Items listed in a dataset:
★ ★ ★
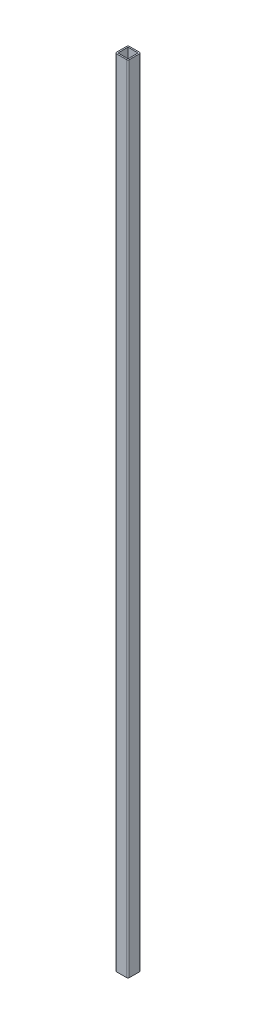
ISO-10303-21;
HEADER;
FILE_DESCRIPTION(('STEP AP214'),'2;1');
FILE_NAME('part.step','',(''),(''),'','','');
FILE_SCHEMA(('AUTOMOTIVE_DESIGN { 1 0 10303 214 1 1 1 1 }'));
ENDSEC;
DATA;
#1=APPLICATION_CONTEXT('core data for automotive mechanical design processes');
#2=APPLICATION_PROTOCOL_DEFINITION('international standard','automotive_design',2000,#1);
#3=PRODUCT_CONTEXT('',#1,'mechanical');
#4=PRODUCT('Part','Part','',(#3));
#5=PRODUCT_RELATED_PRODUCT_CATEGORY('part','',(#4));
#6=PRODUCT_DEFINITION_FORMATION('','',#4);
#7=PRODUCT_DEFINITION_CONTEXT('part definition',#1,'design');
#8=PRODUCT_DEFINITION('design','',#6,#7);
#9=PRODUCT_DEFINITION_SHAPE('','',#8);
#10=(LENGTH_UNIT() NAMED_UNIT(*) SI_UNIT(.MILLI.,.METRE.));
#11=(NAMED_UNIT(*) PLANE_ANGLE_UNIT() SI_UNIT($,.RADIAN.));
#12=(NAMED_UNIT(*) SI_UNIT($,.STERADIAN.) SOLID_ANGLE_UNIT());
#13=UNCERTAINTY_MEASURE_WITH_UNIT(LENGTH_MEASURE(1.E-05),#10,'distance_accuracy_value','');
#14=(GEOMETRIC_REPRESENTATION_CONTEXT(3) GLOBAL_UNCERTAINTY_ASSIGNED_CONTEXT((#13)) GLOBAL_UNIT_ASSIGNED_CONTEXT((#10,
#11,#12)) REPRESENTATION_CONTEXT('',''));
#15=CARTESIAN_POINT('',(0.,0.,0.));
#16=DIRECTION('',(0.,0.,1.));
#17=DIRECTION('',(1.,0.,0.));
#18=AXIS2_PLACEMENT_3D('',#15,#16,#17);
#19=CARTESIAN_POINT('',(22.8,1580.,2.8));
#20=DIRECTION('',(0.,-1.,0.));
#21=DIRECTION('',(0.,0.,-1.));
#22=AXIS2_PLACEMENT_3D('',#19,#20,#21);
#23=CYLINDRICAL_SURFACE('',#22,2.8);
#24=CARTESIAN_POINT('',(22.8,0.,2.8));
#25=DIRECTION('',(0.,1.,0.));
#26=DIRECTION('',(0.,0.,-1.));
#27=AXIS2_PLACEMENT_3D('',#24,#25,#26);
#28=CIRCLE('',#27,2.8);
#29=CARTESIAN_POINT('',(25.6,0.,2.80000000000002));
#30=VERTEX_POINT('',#29);
#31=CARTESIAN_POINT('',(22.8,0.,0.));
#32=VERTEX_POINT('',#31);
#33=EDGE_CURVE('E159',#30,#32,#28,.T.);
#34=ORIENTED_EDGE('',*,*,#33,.T.);
#35=DIRECTION('',(0.,-1.,0.));
#36=VECTOR('',#35,1.);
#37=CARTESIAN_POINT('',(22.8,1580.,0.));
#38=LINE('',#37,#36);
#39=CARTESIAN_POINT('',(22.8,1580.,0.));
#40=VERTEX_POINT('',#39);
#41=EDGE_CURVE('E11',#40,#32,#38,.T.);
#42=ORIENTED_EDGE('',*,*,#41,.F.);
#43=CARTESIAN_POINT('',(22.8,1580.,2.8));
#44=DIRECTION('',(0.,1.,0.));
#45=DIRECTION('',(0.,0.,-1.));
#46=AXIS2_PLACEMENT_3D('',#43,#44,#45);
#47=CIRCLE('',#46,2.8);
#48=CARTESIAN_POINT('',(25.6,1580.,2.80000000000002));
#49=VERTEX_POINT('',#48);
#50=EDGE_CURVE('E160',#49,#40,#47,.T.);
#51=ORIENTED_EDGE('',*,*,#50,.F.);
#52=DIRECTION('',(0.,-1.,0.));
#53=VECTOR('',#52,1.);
#54=CARTESIAN_POINT('',(25.6,1580.,2.80000000000002));
#55=LINE('',#54,#53);
#56=EDGE_CURVE('E178',#49,#30,#55,.T.);
#57=ORIENTED_EDGE('',*,*,#56,.T.);
#58=EDGE_LOOP('',(#34,#42,#51,#57));
#59=FACE_BOUND('',#58,.T.);
#60=ADVANCED_FACE('F34',(#59),#23,.T.);
#61=CARTESIAN_POINT('',(2.80000000000002,1580.,0.));
#62=DIRECTION('',(0.,0.,1.));
#63=DIRECTION('',(1.,0.,0.));
#64=AXIS2_PLACEMENT_3D('',#61,#62,#63);
#65=PLANE('',#64);
#66=DIRECTION('',(-1.,0.,0.));
#67=VECTOR('',#66,1.);
#68=CARTESIAN_POINT('',(2.80000000000002,0.,0.));
#69=LINE('',#68,#67);
#70=CARTESIAN_POINT('',(2.80000000000002,0.,0.));
#71=VERTEX_POINT('',#70);
#72=EDGE_CURVE('E181',#32,#71,#69,.T.);
#73=ORIENTED_EDGE('',*,*,#72,.T.);
#74=DIRECTION('',(0.,-1.,0.));
#75=VECTOR('',#74,1.);
#76=CARTESIAN_POINT('',(2.80000000000002,1580.,0.));
#77=LINE('',#76,#75);
#78=CARTESIAN_POINT('',(2.80000000000002,1580.,0.));
#79=VERTEX_POINT('',#78);
#80=EDGE_CURVE('E41',#79,#71,#77,.T.);
#81=ORIENTED_EDGE('',*,*,#80,.F.);
#82=DIRECTION('',(-1.,0.,0.));
#83=VECTOR('',#82,1.);
#84=CARTESIAN_POINT('',(2.80000000000002,1580.,0.));
#85=LINE('',#84,#83);
#86=EDGE_CURVE('E163',#40,#79,#85,.T.);
#87=ORIENTED_EDGE('',*,*,#86,.F.);
#88=ORIENTED_EDGE('',*,*,#41,.T.);
#89=EDGE_LOOP('',(#73,#81,#87,#88));
#90=FACE_BOUND('',#89,.T.);
#91=ADVANCED_FACE('F236',(#90),#65,.F.);
#92=CARTESIAN_POINT('',(2.8,1580.,2.8));
#93=DIRECTION('',(0.,-1.,0.));
#94=DIRECTION('',(0.,0.,-1.));
#95=AXIS2_PLACEMENT_3D('',#92,#93,#94);
#96=CYLINDRICAL_SURFACE('',#95,2.8);
#97=CARTESIAN_POINT('',(2.8,0.,2.8));
#98=DIRECTION('',(0.,1.,0.));
#99=DIRECTION('',(0.,0.,1.));
#100=AXIS2_PLACEMENT_3D('',#97,#98,#99);
#101=CIRCLE('',#100,2.8);
#102=CARTESIAN_POINT('',(0.,0.,2.80000000000002));
#103=VERTEX_POINT('',#102);
#104=EDGE_CURVE('E183',#71,#103,#101,.T.);
#105=ORIENTED_EDGE('',*,*,#104,.T.);
#106=DIRECTION('',(0.,-1.,0.));
#107=VECTOR('',#106,1.);
#108=CARTESIAN_POINT('',(0.,1580.,2.80000000000002));
#109=LINE('',#108,#107);
#110=CARTESIAN_POINT('',(0.,1580.,2.80000000000002));
#111=VERTEX_POINT('',#110);
#112=EDGE_CURVE('E208',#111,#103,#109,.T.);
#113=ORIENTED_EDGE('',*,*,#112,.F.);
#114=CARTESIAN_POINT('',(2.8,1580.,2.8));
#115=DIRECTION('',(0.,1.,0.));
#116=DIRECTION('',(0.,0.,1.));
#117=AXIS2_PLACEMENT_3D('',#114,#115,#116);
#118=CIRCLE('',#117,2.8);
#119=EDGE_CURVE('E166',#79,#111,#118,.T.);
#120=ORIENTED_EDGE('',*,*,#119,.F.);
#121=ORIENTED_EDGE('',*,*,#80,.T.);
#122=EDGE_LOOP('',(#105,#113,#120,#121));
#123=FACE_BOUND('',#122,.T.);
#124=ADVANCED_FACE('F215',(#123),#96,.T.);
#125=CARTESIAN_POINT('',(0.,1580.,2.80000000000002));
#126=DIRECTION('',(1.,0.,0.));
#127=DIRECTION('',(0.,0.,-1.));
#128=AXIS2_PLACEMENT_3D('',#125,#126,#127);
#129=PLANE('',#128);
#130=DIRECTION('',(0.,0.,1.));
#131=VECTOR('',#130,1.);
#132=CARTESIAN_POINT('',(0.,0.,2.80000000000002));
#133=LINE('',#132,#131);
#134=CARTESIAN_POINT('',(0.,0.,22.8));
#135=VERTEX_POINT('',#134);
#136=EDGE_CURVE('E185',#103,#135,#133,.T.);
#137=ORIENTED_EDGE('',*,*,#136,.T.);
#138=DIRECTION('',(0.,-1.,0.));
#139=VECTOR('',#138,1.);
#140=CARTESIAN_POINT('',(0.,1580.,22.8));
#141=LINE('',#140,#139);
#142=CARTESIAN_POINT('',(0.,1580.,22.8));
#143=VERTEX_POINT('',#142);
#144=EDGE_CURVE('E205',#143,#135,#141,.T.);
#145=ORIENTED_EDGE('',*,*,#144,.F.);
#146=DIRECTION('',(0.,0.,1.));
#147=VECTOR('',#146,1.);
#148=CARTESIAN_POINT('',(0.,1580.,2.80000000000002));
#149=LINE('',#148,#147);
#150=EDGE_CURVE('E168',#111,#143,#149,.T.);
#151=ORIENTED_EDGE('',*,*,#150,.F.);
#152=ORIENTED_EDGE('',*,*,#112,.T.);
#153=EDGE_LOOP('',(#137,#145,#151,#152));
#154=FACE_BOUND('',#153,.T.);
#155=ADVANCED_FACE('F224',(#154),#129,.F.);
#156=CARTESIAN_POINT('',(2.8,1580.,22.8));
#157=DIRECTION('',(0.,-1.,0.));
#158=DIRECTION('',(0.,0.,-1.));
#159=AXIS2_PLACEMENT_3D('',#156,#157,#158);
#160=CYLINDRICAL_SURFACE('',#159,2.8);
#161=CARTESIAN_POINT('',(2.8,0.,22.8));
#162=DIRECTION('',(0.,1.,0.));
#163=DIRECTION('',(0.,0.,1.));
#164=AXIS2_PLACEMENT_3D('',#161,#162,#163);
#165=CIRCLE('',#164,2.8);
#166=CARTESIAN_POINT('',(2.80000000000002,0.,25.6));
#167=VERTEX_POINT('',#166);
#168=EDGE_CURVE('E187',#135,#167,#165,.T.);
#169=ORIENTED_EDGE('',*,*,#168,.T.);
#170=DIRECTION('',(0.,-1.,0.));
#171=VECTOR('',#170,1.);
#172=CARTESIAN_POINT('',(2.80000000000002,1580.,25.6));
#173=LINE('',#172,#171);
#174=CARTESIAN_POINT('',(2.80000000000002,1580.,25.6));
#175=VERTEX_POINT('',#174);
#176=EDGE_CURVE('E202',#175,#167,#173,.T.);
#177=ORIENTED_EDGE('',*,*,#176,.F.);
#178=CARTESIAN_POINT('',(2.8,1580.,22.8));
#179=DIRECTION('',(0.,1.,0.));
#180=DIRECTION('',(0.,0.,1.));
#181=AXIS2_PLACEMENT_3D('',#178,#179,#180);
#182=CIRCLE('',#181,2.8);
#183=EDGE_CURVE('E170',#143,#175,#182,.T.);
#184=ORIENTED_EDGE('',*,*,#183,.F.);
#185=ORIENTED_EDGE('',*,*,#144,.T.);
#186=EDGE_LOOP('',(#169,#177,#184,#185));
#187=FACE_BOUND('',#186,.T.);
#188=ADVANCED_FACE('F228',(#187),#160,.T.);
#189=CARTESIAN_POINT('',(2.80000000000002,1580.,25.6));
#190=DIRECTION('',(0.,0.,-1.));
#191=DIRECTION('',(-1.,0.,0.));
#192=AXIS2_PLACEMENT_3D('',#189,#190,#191);
#193=PLANE('',#192);
#194=DIRECTION('',(1.,0.,0.));
#195=VECTOR('',#194,1.);
#196=CARTESIAN_POINT('',(2.80000000000002,0.,25.6));
#197=LINE('',#196,#195);
#198=CARTESIAN_POINT('',(22.8,0.,25.6));
#199=VERTEX_POINT('',#198);
#200=EDGE_CURVE('E189',#167,#199,#197,.T.);
#201=ORIENTED_EDGE('',*,*,#200,.T.);
#202=DIRECTION('',(0.,-1.,0.));
#203=VECTOR('',#202,1.);
#204=CARTESIAN_POINT('',(22.8,1580.,25.6));
#205=LINE('',#204,#203);
#206=CARTESIAN_POINT('',(22.8,1580.,25.6));
#207=VERTEX_POINT('',#206);
#208=EDGE_CURVE('E199',#207,#199,#205,.T.);
#209=ORIENTED_EDGE('',*,*,#208,.F.);
#210=DIRECTION('',(1.,0.,0.));
#211=VECTOR('',#210,1.);
#212=CARTESIAN_POINT('',(2.80000000000002,1580.,25.6));
#213=LINE('',#212,#211);
#214=EDGE_CURVE('E172',#175,#207,#213,.T.);
#215=ORIENTED_EDGE('',*,*,#214,.F.);
#216=ORIENTED_EDGE('',*,*,#176,.T.);
#217=EDGE_LOOP('',(#201,#209,#215,#216));
#218=FACE_BOUND('',#217,.T.);
#219=ADVANCED_FACE('F249',(#218),#193,.F.);
#220=CARTESIAN_POINT('',(22.8,1580.,22.8));
#221=DIRECTION('',(0.,-1.,0.));
#222=DIRECTION('',(0.,0.,-1.));
#223=AXIS2_PLACEMENT_3D('',#220,#221,#222);
#224=CYLINDRICAL_SURFACE('',#223,2.8);
#225=CARTESIAN_POINT('',(22.8,0.,22.8));
#226=DIRECTION('',(0.,1.,0.));
#227=DIRECTION('',(0.,0.,1.));
#228=AXIS2_PLACEMENT_3D('',#225,#226,#227);
#229=CIRCLE('',#228,2.8);
#230=CARTESIAN_POINT('',(25.6,0.,22.8));
#231=VERTEX_POINT('',#230);
#232=EDGE_CURVE('E191',#199,#231,#229,.T.);
#233=ORIENTED_EDGE('',*,*,#232,.T.);
#234=DIRECTION('',(0.,-1.,0.));
#235=VECTOR('',#234,1.);
#236=CARTESIAN_POINT('',(25.6,1580.,22.8));
#237=LINE('',#236,#235);
#238=CARTESIAN_POINT('',(25.6,1580.,22.8));
#239=VERTEX_POINT('',#238);
#240=EDGE_CURVE('E196',#239,#231,#237,.T.);
#241=ORIENTED_EDGE('',*,*,#240,.F.);
#242=CARTESIAN_POINT('',(22.8,1580.,22.8));
#243=DIRECTION('',(0.,1.,0.));
#244=DIRECTION('',(0.,0.,1.));
#245=AXIS2_PLACEMENT_3D('',#242,#243,#244);
#246=CIRCLE('',#245,2.8);
#247=EDGE_CURVE('E174',#207,#239,#246,.T.);
#248=ORIENTED_EDGE('',*,*,#247,.F.);
#249=ORIENTED_EDGE('',*,*,#208,.T.);
#250=EDGE_LOOP('',(#233,#241,#248,#249));
#251=FACE_BOUND('',#250,.T.);
#252=ADVANCED_FACE('F247',(#251),#224,.T.);
#253=CARTESIAN_POINT('',(25.6,1580.,2.80000000000002));
#254=DIRECTION('',(-1.,0.,0.));
#255=DIRECTION('',(0.,0.,1.));
#256=AXIS2_PLACEMENT_3D('',#253,#254,#255);
#257=PLANE('',#256);
#258=DIRECTION('',(0.,0.,-1.));
#259=VECTOR('',#258,1.);
#260=CARTESIAN_POINT('',(25.6,0.,2.80000000000002));
#261=LINE('',#260,#259);
#262=EDGE_CURVE('E164',#231,#30,#261,.T.);
#263=ORIENTED_EDGE('',*,*,#262,.T.);
#264=ORIENTED_EDGE('',*,*,#56,.F.);
#265=DIRECTION('',(0.,0.,-1.));
#266=VECTOR('',#265,1.);
#267=CARTESIAN_POINT('',(25.6,1580.,2.80000000000002));
#268=LINE('',#267,#266);
#269=EDGE_CURVE('E176',#239,#49,#268,.T.);
#270=ORIENTED_EDGE('',*,*,#269,.F.);
#271=ORIENTED_EDGE('',*,*,#240,.T.);
#272=EDGE_LOOP('',(#263,#264,#270,#271));
#273=FACE_BOUND('',#272,.T.);
#274=ADVANCED_FACE('F242',(#273),#257,.F.);
#275=CARTESIAN_POINT('',(22.8,1580.,2.8));
#276=DIRECTION('',(0.,-1.,0.));
#277=DIRECTION('',(0.,0.,-1.));
#278=AXIS2_PLACEMENT_3D('',#275,#276,#277);
#279=PLANE('',#278);
#280=DIRECTION('',(1.,0.,0.));
#281=VECTOR('',#280,1.);
#282=CARTESIAN_POINT('',(22.8,1580.,2.8));
#283=LINE('',#282,#281);
#284=CARTESIAN_POINT('',(2.8,1580.,2.8));
#285=VERTEX_POINT('',#284);
#286=CARTESIAN_POINT('',(22.8,1580.,2.8));
#287=VERTEX_POINT('',#286);
#288=EDGE_CURVE('E153',#285,#287,#283,.T.);
#289=ORIENTED_EDGE('',*,*,#288,.T.);
#290=DIRECTION('',(0.,0.,1.));
#291=VECTOR('',#290,1.);
#292=CARTESIAN_POINT('',(22.8,1580.,2.8));
#293=LINE('',#292,#291);
#294=CARTESIAN_POINT('',(22.8,1580.,22.8));
#295=VERTEX_POINT('',#294);
#296=EDGE_CURVE('E156',#287,#295,#293,.T.);
#297=ORIENTED_EDGE('',*,*,#296,.T.);
#298=DIRECTION('',(-1.,0.,0.));
#299=VECTOR('',#298,1.);
#300=CARTESIAN_POINT('',(22.8,1580.,22.8));
#301=LINE('',#300,#299);
#302=CARTESIAN_POINT('',(2.8,1580.,22.8));
#303=VERTEX_POINT('',#302);
#304=EDGE_CURVE('E148',#295,#303,#301,.T.);
#305=ORIENTED_EDGE('',*,*,#304,.T.);
#306=DIRECTION('',(0.,0.,-1.));
#307=VECTOR('',#306,1.);
#308=CARTESIAN_POINT('',(2.8,1580.,2.79999999999999));
#309=LINE('',#308,#307);
#310=EDGE_CURVE('E128',#303,#285,#309,.T.);
#311=ORIENTED_EDGE('',*,*,#310,.T.);
#312=EDGE_LOOP('',(#289,#297,#305,#311));
#313=FACE_BOUND('',#312,.T.);
#314=ORIENTED_EDGE('',*,*,#50,.T.);
#315=ORIENTED_EDGE('',*,*,#86,.T.);
#316=ORIENTED_EDGE('',*,*,#119,.T.);
#317=ORIENTED_EDGE('',*,*,#150,.T.);
#318=ORIENTED_EDGE('',*,*,#183,.T.);
#319=ORIENTED_EDGE('',*,*,#214,.T.);
#320=ORIENTED_EDGE('',*,*,#247,.T.);
#321=ORIENTED_EDGE('',*,*,#269,.T.);
#322=EDGE_LOOP('',(#314,#315,#316,#317,#318,#319,#320,#321));
#323=FACE_BOUND('',#322,.T.);
#324=ADVANCED_FACE('F232',(#313,#323),#279,.F.);
#325=CARTESIAN_POINT('',(22.8,0.,2.8));
#326=DIRECTION('',(0.,-1.,0.));
#327=DIRECTION('',(0.,0.,-1.));
#328=AXIS2_PLACEMENT_3D('',#325,#326,#327);
#329=PLANE('',#328);
#330=DIRECTION('',(0.,0.,1.));
#331=VECTOR('',#330,1.);
#332=CARTESIAN_POINT('',(22.8,0.,2.8));
#333=LINE('',#332,#331);
#334=CARTESIAN_POINT('',(22.8,0.,2.8));
#335=VERTEX_POINT('',#334);
#336=CARTESIAN_POINT('',(22.8,0.,22.8));
#337=VERTEX_POINT('',#336);
#338=EDGE_CURVE('E56',#335,#337,#333,.T.);
#339=ORIENTED_EDGE('',*,*,#338,.F.);
#340=DIRECTION('',(1.,0.,0.));
#341=VECTOR('',#340,1.);
#342=CARTESIAN_POINT('',(2.8,0.,2.8));
#343=LINE('',#342,#341);
#344=CARTESIAN_POINT('',(2.8,0.,2.8));
#345=VERTEX_POINT('',#344);
#346=EDGE_CURVE('E141',#345,#335,#343,.T.);
#347=ORIENTED_EDGE('',*,*,#346,.F.);
#348=DIRECTION('',(0.,0.,-1.));
#349=VECTOR('',#348,1.);
#350=CARTESIAN_POINT('',(2.8,0.,2.8));
#351=LINE('',#350,#349);
#352=CARTESIAN_POINT('',(2.8,0.,22.8));
#353=VERTEX_POINT('',#352);
#354=EDGE_CURVE('E125',#353,#345,#351,.T.);
#355=ORIENTED_EDGE('',*,*,#354,.F.);
#356=DIRECTION('',(-1.,0.,0.));
#357=VECTOR('',#356,1.);
#358=CARTESIAN_POINT('',(2.8,0.,22.8));
#359=LINE('',#358,#357);
#360=EDGE_CURVE('E134',#337,#353,#359,.T.);
#361=ORIENTED_EDGE('',*,*,#360,.F.);
#362=EDGE_LOOP('',(#339,#347,#355,#361));
#363=FACE_BOUND('',#362,.T.);
#364=ORIENTED_EDGE('',*,*,#33,.F.);
#365=ORIENTED_EDGE('',*,*,#262,.F.);
#366=ORIENTED_EDGE('',*,*,#232,.F.);
#367=ORIENTED_EDGE('',*,*,#200,.F.);
#368=ORIENTED_EDGE('',*,*,#168,.F.);
#369=ORIENTED_EDGE('',*,*,#136,.F.);
#370=ORIENTED_EDGE('',*,*,#104,.F.);
#371=ORIENTED_EDGE('',*,*,#72,.F.);
#372=EDGE_LOOP('',(#364,#365,#366,#367,#368,#369,#370,#371));
#373=FACE_BOUND('',#372,.T.);
#374=ADVANCED_FACE('F138',(#363,#373),#329,.T.);
#375=CARTESIAN_POINT('',(22.8,1770.,2.8));
#376=DIRECTION('',(1.,0.,0.));
#377=DIRECTION('',(0.,0.,-1.));
#378=AXIS2_PLACEMENT_3D('',#375,#376,#377);
#379=PLANE('',#378);
#380=DIRECTION('',(0.,-1.,0.));
#381=VECTOR('',#380,1.);
#382=CARTESIAN_POINT('',(22.8,1770.,2.8));
#383=LINE('',#382,#381);
#384=EDGE_CURVE('E146',#287,#335,#383,.T.);
#385=ORIENTED_EDGE('',*,*,#384,.T.);
#386=ORIENTED_EDGE('',*,*,#338,.T.);
#387=DIRECTION('',(0.,-1.,0.));
#388=VECTOR('',#387,1.);
#389=CARTESIAN_POINT('',(22.8,1770.,22.8));
#390=LINE('',#389,#388);
#391=EDGE_CURVE('E131',#295,#337,#390,.T.);
#392=ORIENTED_EDGE('',*,*,#391,.F.);
#393=ORIENTED_EDGE('',*,*,#296,.F.);
#394=EDGE_LOOP('',(#385,#386,#392,#393));
#395=FACE_BOUND('',#394,.T.);
#396=ADVANCED_FACE('F312',(#395),#379,.F.);
#397=CARTESIAN_POINT('',(2.8,1770.,2.8));
#398=DIRECTION('',(0.,0.,-1.));
#399=DIRECTION('',(-1.,0.,0.));
#400=AXIS2_PLACEMENT_3D('',#397,#398,#399);
#401=PLANE('',#400);
#402=DIRECTION('',(0.,-1.,0.));
#403=VECTOR('',#402,1.);
#404=CARTESIAN_POINT('',(2.8,1770.,2.8));
#405=LINE('',#404,#403);
#406=EDGE_CURVE('E130',#285,#345,#405,.T.);
#407=ORIENTED_EDGE('',*,*,#406,.T.);
#408=ORIENTED_EDGE('',*,*,#346,.T.);
#409=ORIENTED_EDGE('',*,*,#384,.F.);
#410=ORIENTED_EDGE('',*,*,#288,.F.);
#411=EDGE_LOOP('',(#407,#408,#409,#410));
#412=FACE_BOUND('',#411,.T.);
#413=ADVANCED_FACE('F321',(#412),#401,.F.);
#414=CARTESIAN_POINT('',(2.8,1770.,2.8));
#415=DIRECTION('',(-1.,0.,0.));
#416=DIRECTION('',(0.,0.,1.));
#417=AXIS2_PLACEMENT_3D('',#414,#415,#416);
#418=PLANE('',#417);
#419=DIRECTION('',(0.,-1.,0.));
#420=VECTOR('',#419,1.);
#421=CARTESIAN_POINT('',(2.8,1770.,22.8));
#422=LINE('',#421,#420);
#423=EDGE_CURVE('E48',#303,#353,#422,.T.);
#424=ORIENTED_EDGE('',*,*,#423,.T.);
#425=ORIENTED_EDGE('',*,*,#354,.T.);
#426=ORIENTED_EDGE('',*,*,#406,.F.);
#427=ORIENTED_EDGE('',*,*,#310,.F.);
#428=EDGE_LOOP('',(#424,#425,#426,#427));
#429=FACE_BOUND('',#428,.T.);
#430=ADVANCED_FACE('F122',(#429),#418,.F.);
#431=CARTESIAN_POINT('',(2.8,1770.,22.8));
#432=DIRECTION('',(0.,0.,1.));
#433=DIRECTION('',(1.,0.,0.));
#434=AXIS2_PLACEMENT_3D('',#431,#432,#433);
#435=PLANE('',#434);
#436=ORIENTED_EDGE('',*,*,#391,.T.);
#437=ORIENTED_EDGE('',*,*,#360,.T.);
#438=ORIENTED_EDGE('',*,*,#423,.F.);
#439=ORIENTED_EDGE('',*,*,#304,.F.);
#440=EDGE_LOOP('',(#436,#437,#438,#439));
#441=FACE_BOUND('',#440,.T.);
#442=ADVANCED_FACE('F135',(#441),#435,.F.);
#443=CLOSED_SHELL('',(#60,#91,#124,#155,#188,#219,#252,#274,#324,#374,#396,#413,#430,#442));
#444=MANIFOLD_SOLID_BREP('B2',#443);
#445=ADVANCED_BREP_SHAPE_REPRESENTATION('',(#18,#444),#14);
#446=SHAPE_DEFINITION_REPRESENTATION(#9,#445);
ENDSEC;
END-ISO-10303-21;
★ ★ ★
WHAT IS REQUIRED:
All lines in the records above that contain "CIRCLE" are to be reported.

REPLY TO THE TASK:
#28=CIRCLE('',#27,2.8);
#47=CIRCLE('',#46,2.8);
#101=CIRCLE('',#100,2.8);
#118=CIRCLE('',#117,2.8);
#165=CIRCLE('',#164,2.8);
#182=CIRCLE('',#181,2.8);
#229=CIRCLE('',#228,2.8);
#246=CIRCLE('',#245,2.8);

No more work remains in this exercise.